TASK OBJECTIVE
Copy word for word, please, the lines of the entries below running from the one containing "#20=DIRECTION('',(-1.,0.,0.));" to the one containing "#90=CARTESIAN_POINT('',(-10.,-10.,312.2));", both ends included.

....

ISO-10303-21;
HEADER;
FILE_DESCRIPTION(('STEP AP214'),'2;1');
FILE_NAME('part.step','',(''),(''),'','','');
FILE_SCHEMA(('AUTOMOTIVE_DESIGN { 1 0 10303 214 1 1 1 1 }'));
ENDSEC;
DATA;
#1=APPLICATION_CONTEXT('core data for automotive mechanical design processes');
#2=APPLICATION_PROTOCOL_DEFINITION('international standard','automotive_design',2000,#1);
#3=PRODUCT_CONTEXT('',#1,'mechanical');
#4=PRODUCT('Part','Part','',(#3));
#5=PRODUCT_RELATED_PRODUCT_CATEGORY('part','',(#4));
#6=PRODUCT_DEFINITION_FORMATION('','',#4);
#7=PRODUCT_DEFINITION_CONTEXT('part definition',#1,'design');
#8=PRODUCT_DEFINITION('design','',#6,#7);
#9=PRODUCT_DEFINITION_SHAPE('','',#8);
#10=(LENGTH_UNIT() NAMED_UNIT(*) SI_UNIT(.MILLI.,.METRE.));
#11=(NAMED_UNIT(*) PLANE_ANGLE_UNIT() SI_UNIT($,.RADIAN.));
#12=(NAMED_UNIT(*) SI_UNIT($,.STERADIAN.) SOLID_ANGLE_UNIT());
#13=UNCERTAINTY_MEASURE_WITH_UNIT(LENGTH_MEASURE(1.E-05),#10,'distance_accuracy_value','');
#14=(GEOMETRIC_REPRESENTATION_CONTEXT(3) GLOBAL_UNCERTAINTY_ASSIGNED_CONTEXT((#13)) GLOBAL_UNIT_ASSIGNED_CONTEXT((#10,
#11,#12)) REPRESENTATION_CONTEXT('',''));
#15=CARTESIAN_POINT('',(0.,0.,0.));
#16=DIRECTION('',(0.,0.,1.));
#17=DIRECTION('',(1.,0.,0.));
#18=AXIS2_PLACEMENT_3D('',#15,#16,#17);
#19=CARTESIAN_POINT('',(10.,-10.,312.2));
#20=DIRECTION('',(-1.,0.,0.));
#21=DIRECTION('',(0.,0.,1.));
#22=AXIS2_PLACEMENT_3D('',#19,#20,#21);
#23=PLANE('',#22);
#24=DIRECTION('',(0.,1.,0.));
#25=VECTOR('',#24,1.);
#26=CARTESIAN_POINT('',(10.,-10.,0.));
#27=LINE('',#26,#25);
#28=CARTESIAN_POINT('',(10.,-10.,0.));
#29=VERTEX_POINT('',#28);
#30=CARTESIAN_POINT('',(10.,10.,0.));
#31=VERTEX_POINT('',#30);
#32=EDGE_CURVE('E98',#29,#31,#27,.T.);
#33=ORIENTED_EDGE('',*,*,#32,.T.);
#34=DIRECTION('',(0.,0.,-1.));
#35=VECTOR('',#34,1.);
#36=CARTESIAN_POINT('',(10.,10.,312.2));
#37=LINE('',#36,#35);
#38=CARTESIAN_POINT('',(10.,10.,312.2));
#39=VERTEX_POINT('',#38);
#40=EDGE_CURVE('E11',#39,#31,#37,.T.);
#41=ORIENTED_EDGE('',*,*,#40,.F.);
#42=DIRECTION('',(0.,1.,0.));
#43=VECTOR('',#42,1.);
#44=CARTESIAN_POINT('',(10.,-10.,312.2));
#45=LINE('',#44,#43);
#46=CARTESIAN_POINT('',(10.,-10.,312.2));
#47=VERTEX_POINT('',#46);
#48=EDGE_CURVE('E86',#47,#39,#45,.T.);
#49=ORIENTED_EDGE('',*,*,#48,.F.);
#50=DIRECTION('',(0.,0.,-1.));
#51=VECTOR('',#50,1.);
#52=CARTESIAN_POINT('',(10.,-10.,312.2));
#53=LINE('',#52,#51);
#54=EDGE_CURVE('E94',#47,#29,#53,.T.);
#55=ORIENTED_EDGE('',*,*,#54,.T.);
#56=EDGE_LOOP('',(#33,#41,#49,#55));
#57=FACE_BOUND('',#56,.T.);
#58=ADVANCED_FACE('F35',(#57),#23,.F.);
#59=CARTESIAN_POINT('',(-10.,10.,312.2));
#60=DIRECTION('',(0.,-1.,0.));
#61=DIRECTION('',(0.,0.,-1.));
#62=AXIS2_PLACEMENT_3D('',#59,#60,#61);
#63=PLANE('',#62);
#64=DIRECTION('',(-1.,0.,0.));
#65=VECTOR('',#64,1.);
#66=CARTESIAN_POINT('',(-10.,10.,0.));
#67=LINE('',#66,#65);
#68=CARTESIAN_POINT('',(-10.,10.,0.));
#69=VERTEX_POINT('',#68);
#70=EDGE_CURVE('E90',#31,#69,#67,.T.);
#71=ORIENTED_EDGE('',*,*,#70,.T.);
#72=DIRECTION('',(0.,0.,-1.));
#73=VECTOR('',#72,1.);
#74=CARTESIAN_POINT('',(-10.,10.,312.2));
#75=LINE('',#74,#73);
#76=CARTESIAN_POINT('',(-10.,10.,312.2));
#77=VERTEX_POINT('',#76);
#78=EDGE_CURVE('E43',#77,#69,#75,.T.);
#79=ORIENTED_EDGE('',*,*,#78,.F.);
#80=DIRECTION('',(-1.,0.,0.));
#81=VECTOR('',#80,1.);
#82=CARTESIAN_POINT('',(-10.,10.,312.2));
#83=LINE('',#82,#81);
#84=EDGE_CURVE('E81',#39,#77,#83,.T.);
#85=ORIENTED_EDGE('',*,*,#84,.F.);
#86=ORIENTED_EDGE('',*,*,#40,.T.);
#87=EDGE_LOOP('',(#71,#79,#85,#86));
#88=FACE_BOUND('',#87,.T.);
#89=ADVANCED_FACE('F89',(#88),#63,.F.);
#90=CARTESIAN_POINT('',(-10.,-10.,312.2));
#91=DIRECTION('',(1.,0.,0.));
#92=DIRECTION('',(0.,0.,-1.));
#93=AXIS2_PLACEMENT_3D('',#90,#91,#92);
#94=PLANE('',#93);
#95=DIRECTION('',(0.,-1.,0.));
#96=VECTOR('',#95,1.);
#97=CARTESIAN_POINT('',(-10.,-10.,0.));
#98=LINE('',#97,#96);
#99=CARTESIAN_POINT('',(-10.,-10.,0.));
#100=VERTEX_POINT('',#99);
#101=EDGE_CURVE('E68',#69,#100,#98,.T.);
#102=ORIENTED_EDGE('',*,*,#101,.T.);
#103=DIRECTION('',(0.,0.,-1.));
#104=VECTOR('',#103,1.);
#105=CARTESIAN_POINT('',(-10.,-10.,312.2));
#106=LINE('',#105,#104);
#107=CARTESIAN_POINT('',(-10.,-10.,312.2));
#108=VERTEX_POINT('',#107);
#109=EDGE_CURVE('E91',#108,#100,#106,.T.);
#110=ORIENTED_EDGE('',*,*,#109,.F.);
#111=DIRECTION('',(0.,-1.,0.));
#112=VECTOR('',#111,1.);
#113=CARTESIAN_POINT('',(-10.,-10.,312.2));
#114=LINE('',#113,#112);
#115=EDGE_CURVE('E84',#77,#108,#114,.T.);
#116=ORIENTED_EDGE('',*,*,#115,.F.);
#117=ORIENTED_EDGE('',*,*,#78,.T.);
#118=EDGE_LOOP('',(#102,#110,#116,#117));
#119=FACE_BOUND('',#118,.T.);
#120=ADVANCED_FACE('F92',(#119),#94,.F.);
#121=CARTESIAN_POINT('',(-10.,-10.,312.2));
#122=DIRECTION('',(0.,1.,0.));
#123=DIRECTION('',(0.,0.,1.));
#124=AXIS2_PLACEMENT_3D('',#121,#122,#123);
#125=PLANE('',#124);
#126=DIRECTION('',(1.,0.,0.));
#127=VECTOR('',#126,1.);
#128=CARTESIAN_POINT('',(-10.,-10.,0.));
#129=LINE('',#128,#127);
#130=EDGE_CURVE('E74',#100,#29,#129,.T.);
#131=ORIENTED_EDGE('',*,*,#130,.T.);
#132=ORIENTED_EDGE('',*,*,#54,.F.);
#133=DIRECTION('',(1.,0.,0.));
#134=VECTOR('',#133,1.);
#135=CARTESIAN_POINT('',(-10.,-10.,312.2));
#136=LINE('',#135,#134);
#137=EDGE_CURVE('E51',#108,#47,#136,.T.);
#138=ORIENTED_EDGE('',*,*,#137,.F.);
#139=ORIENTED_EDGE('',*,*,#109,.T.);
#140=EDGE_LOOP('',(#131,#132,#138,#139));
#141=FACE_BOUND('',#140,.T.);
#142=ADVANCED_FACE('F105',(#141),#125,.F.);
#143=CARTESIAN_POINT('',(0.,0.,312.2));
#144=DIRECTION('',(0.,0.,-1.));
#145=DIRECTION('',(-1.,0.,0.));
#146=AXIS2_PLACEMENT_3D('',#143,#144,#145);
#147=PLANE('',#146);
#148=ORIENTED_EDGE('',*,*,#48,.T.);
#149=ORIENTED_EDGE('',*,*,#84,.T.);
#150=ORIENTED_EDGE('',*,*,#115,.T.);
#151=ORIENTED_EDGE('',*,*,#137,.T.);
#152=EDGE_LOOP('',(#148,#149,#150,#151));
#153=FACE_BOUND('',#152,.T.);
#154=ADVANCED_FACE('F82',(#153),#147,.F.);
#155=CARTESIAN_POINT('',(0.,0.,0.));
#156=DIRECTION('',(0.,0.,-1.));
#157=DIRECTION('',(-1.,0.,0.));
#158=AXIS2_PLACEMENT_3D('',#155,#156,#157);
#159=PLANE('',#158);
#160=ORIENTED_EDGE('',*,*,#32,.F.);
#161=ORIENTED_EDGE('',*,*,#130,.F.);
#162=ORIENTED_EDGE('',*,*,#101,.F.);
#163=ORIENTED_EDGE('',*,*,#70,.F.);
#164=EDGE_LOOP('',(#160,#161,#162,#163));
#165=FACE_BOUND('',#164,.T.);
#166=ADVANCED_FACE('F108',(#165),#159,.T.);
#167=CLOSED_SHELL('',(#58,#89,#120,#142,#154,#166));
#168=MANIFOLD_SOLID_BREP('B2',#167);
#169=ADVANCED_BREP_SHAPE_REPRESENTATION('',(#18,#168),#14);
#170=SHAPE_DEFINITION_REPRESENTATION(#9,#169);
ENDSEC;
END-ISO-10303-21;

....

TASK OUTPUT
#20=DIRECTION('',(-1.,0.,0.));
#21=DIRECTION('',(0.,0.,1.));
#22=AXIS2_PLACEMENT_3D('',#19,#20,#21);
#23=PLANE('',#22);
#24=DIRECTION('',(0.,1.,0.));
#25=VECTOR('',#24,1.);
#26=CARTESIAN_POINT('',(10.,-10.,0.));
#27=LINE('',#26,#25);
#28=CARTESIAN_POINT('',(10.,-10.,0.));
#29=VERTEX_POINT('',#28);
#30=CARTESIAN_POINT('',(10.,10.,0.));
#31=VERTEX_POINT('',#30);
#32=EDGE_CURVE('E98',#29,#31,#27,.T.);
#33=ORIENTED_EDGE('',*,*,#32,.T.);
#34=DIRECTION('',(0.,0.,-1.));
#35=VECTOR('',#34,1.);
#36=CARTESIAN_POINT('',(10.,10.,312.2));
#37=LINE('',#36,#35);
#38=CARTESIAN_POINT('',(10.,10.,312.2));
#39=VERTEX_POINT('',#38);
#40=EDGE_CURVE('E11',#39,#31,#37,.T.);
#41=ORIENTED_EDGE('',*,*,#40,.F.);
#42=DIRECTION('',(0.,1.,0.));
#43=VECTOR('',#42,1.);
#44=CARTESIAN_POINT('',(10.,-10.,312.2));
#45=LINE('',#44,#43);
#46=CARTESIAN_POINT('',(10.,-10.,312.2));
#47=VERTEX_POINT('',#46);
#48=EDGE_CURVE('E86',#47,#39,#45,.T.);
#49=ORIENTED_EDGE('',*,*,#48,.F.);
#50=DIRECTION('',(0.,0.,-1.));
#51=VECTOR('',#50,1.);
#52=CARTESIAN_POINT('',(10.,-10.,312.2));
#53=LINE('',#52,#51);
#54=EDGE_CURVE('E94',#47,#29,#53,.T.);
#55=ORIENTED_EDGE('',*,*,#54,.T.);
#56=EDGE_LOOP('',(#33,#41,#49,#55));
#57=FACE_BOUND('',#56,.T.);
#58=ADVANCED_FACE('F35',(#57),#23,.F.);
#59=CARTESIAN_POINT('',(-10.,10.,312.2));
#60=DIRECTION('',(0.,-1.,0.));
#61=DIRECTION('',(0.,0.,-1.));
#62=AXIS2_PLACEMENT_3D('',#59,#60,#61);
#63=PLANE('',#62);
#64=DIRECTION('',(-1.,0.,0.));
#65=VECTOR('',#64,1.);
#66=CARTESIAN_POINT('',(-10.,10.,0.));
#67=LINE('',#66,#65);
#68=CARTESIAN_POINT('',(-10.,10.,0.));
#69=VERTEX_POINT('',#68);
#70=EDGE_CURVE('E90',#31,#69,#67,.T.);
#71=ORIENTED_EDGE('',*,*,#70,.T.);
#72=DIRECTION('',(0.,0.,-1.));
#73=VECTOR('',#72,1.);
#74=CARTESIAN_POINT('',(-10.,10.,312.2));
#75=LINE('',#74,#73);
#76=CARTESIAN_POINT('',(-10.,10.,312.2));
#77=VERTEX_POINT('',#76);
#78=EDGE_CURVE('E43',#77,#69,#75,.T.);
#79=ORIENTED_EDGE('',*,*,#78,.F.);
#80=DIRECTION('',(-1.,0.,0.));
#81=VECTOR('',#80,1.);
#82=CARTESIAN_POINT('',(-10.,10.,312.2));
#83=LINE('',#82,#81);
#84=EDGE_CURVE('E81',#39,#77,#83,.T.);
#85=ORIENTED_EDGE('',*,*,#84,.F.);
#86=ORIENTED_EDGE('',*,*,#40,.T.);
#87=EDGE_LOOP('',(#71,#79,#85,#86));
#88=FACE_BOUND('',#87,.T.);
#89=ADVANCED_FACE('F89',(#88),#63,.F.);
#90=CARTESIAN_POINT('',(-10.,-10.,312.2));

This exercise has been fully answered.